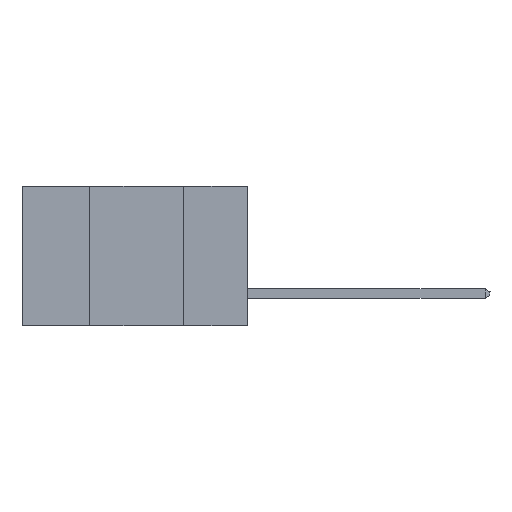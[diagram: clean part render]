
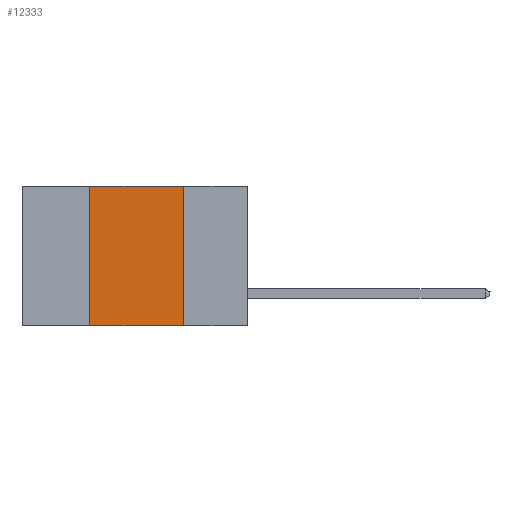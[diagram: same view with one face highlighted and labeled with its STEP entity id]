
A CAD part, left-side view. The second image highlights one B-rep face of the part: STEP entity #12333.
In plain terms, the highlighted planar face has unit normal (-1, 0, 0).
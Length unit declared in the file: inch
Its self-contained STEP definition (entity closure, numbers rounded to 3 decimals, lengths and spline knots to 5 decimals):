
#873 = AXIS2_PLACEMENT_3D ( 'NONE', #4429, #6339, #7347 ) ;
#1129 = VECTOR ( 'NONE', #10834, 39.37008 ) ;
#1195 = VECTOR ( 'NONE', #11763, 39.37008 ) ;
#1590 = VECTOR ( 'NONE', #5661, 39.37008 ) ;
#1957 = ORIENTED_EDGE ( 'NONE', *, *, #9136, .F. ) ;
#3508 = DIRECTION ( 'NONE',  ( 0., -1., 0. ) ) ;
#3733 = CARTESIAN_POINT ( 'NONE',  ( 0., 0.42, 0. ) ) ;
#4291 = EDGE_CURVE ( 'NONE', #7638, #10436, #5602, .T. ) ;
#4429 = CARTESIAN_POINT ( 'NONE',  ( 0., 0.6, 0. ) ) ;
#4498 = FACE_OUTER_BOUND ( 'NONE', #6795, .T. ) ;
#5220 = PLANE ( 'NONE',  #873 ) ;
#5602 = LINE ( 'NONE', #10743, #1590 ) ;
#5661 = DIRECTION ( 'NONE',  ( 0., 0., 1. ) ) ;
#5820 = ORIENTED_EDGE ( 'NONE', *, *, #6139, .F. ) ;
#5874 = LINE ( 'NONE', #8799, #1129 ) ;
#6139 = EDGE_CURVE ( 'NONE', #8567, #10668, #6692, .T. ) ;
#6339 = DIRECTION ( 'NONE',  ( 1., 0., 0. ) ) ;
#6392 = VECTOR ( 'NONE', #3508, 39.37008 ) ;
#6692 = LINE ( 'NONE', #12767, #1195 ) ;
#6795 = EDGE_LOOP ( 'NONE', ( #5820, #1957, #10752, #12671 ) ) ;
#7347 = DIRECTION ( 'NONE',  ( 0., 0., -1. ) ) ;
#7638 = VERTEX_POINT ( 'NONE', #9456 ) ;
#8567 = VERTEX_POINT ( 'NONE', #12446 ) ;
#8799 = CARTESIAN_POINT ( 'NONE',  ( 0., 0.6, 0. ) ) ;
#9079 = EDGE_CURVE ( 'NONE', #7638, #10668, #9524, .T. ) ;
#9136 = EDGE_CURVE ( 'NONE', #10436, #8567, #5874, .T. ) ;
#9456 = CARTESIAN_POINT ( 'NONE',  ( 0., 0.42, -0.37 ) ) ;
#9524 = LINE ( 'NONE', #12565, #6392 ) ;
#10436 = VERTEX_POINT ( 'NONE', #3733 ) ;
#10668 = VERTEX_POINT ( 'NONE', #11681 ) ;
#10743 = CARTESIAN_POINT ( 'NONE',  ( 0., 0.42, -0.37 ) ) ;
#10752 = ORIENTED_EDGE ( 'NONE', *, *, #4291, .F. ) ;
#10834 = DIRECTION ( 'NONE',  ( 0., -1., 0. ) ) ;
#11681 = CARTESIAN_POINT ( 'NONE',  ( 0., 0.17, -0.37 ) ) ;
#11763 = DIRECTION ( 'NONE',  ( 0., 0., -1. ) ) ;
#12333 = ADVANCED_FACE ( 'NONE', ( #4498 ), #5220, .F. ) ;
#12446 = CARTESIAN_POINT ( 'NONE',  ( 0., 0.17, 0. ) ) ;
#12565 = CARTESIAN_POINT ( 'NONE',  ( 0., 0.6, -0.37 ) ) ;
#12671 = ORIENTED_EDGE ( 'NONE', *, *, #9079, .T. ) ;
#12767 = CARTESIAN_POINT ( 'NONE',  ( 0., 0.17, -0.37 ) ) ;

◆ **EXERCISE BRIEF**: Print, from the entries above, the line with "#1195 = VECTOR ( 'NONE', #11763, 39.37008 ) ;", the line with "#3733 = CARTESIAN_POINT" and all lines between them, exactly and with nothing else.

◆ **EXERCISE SOLUTION**:
#1195 = VECTOR ( 'NONE', #11763, 39.37008 ) ;
#1590 = VECTOR ( 'NONE', #5661, 39.37008 ) ;
#1957 = ORIENTED_EDGE ( 'NONE', *, *, #9136, .F. ) ;
#3508 = DIRECTION ( 'NONE',  ( 0., -1., 0. ) ) ;
#3733 = CARTESIAN_POINT ( 'NONE',  ( 0., 0.42, 0. ) ) ;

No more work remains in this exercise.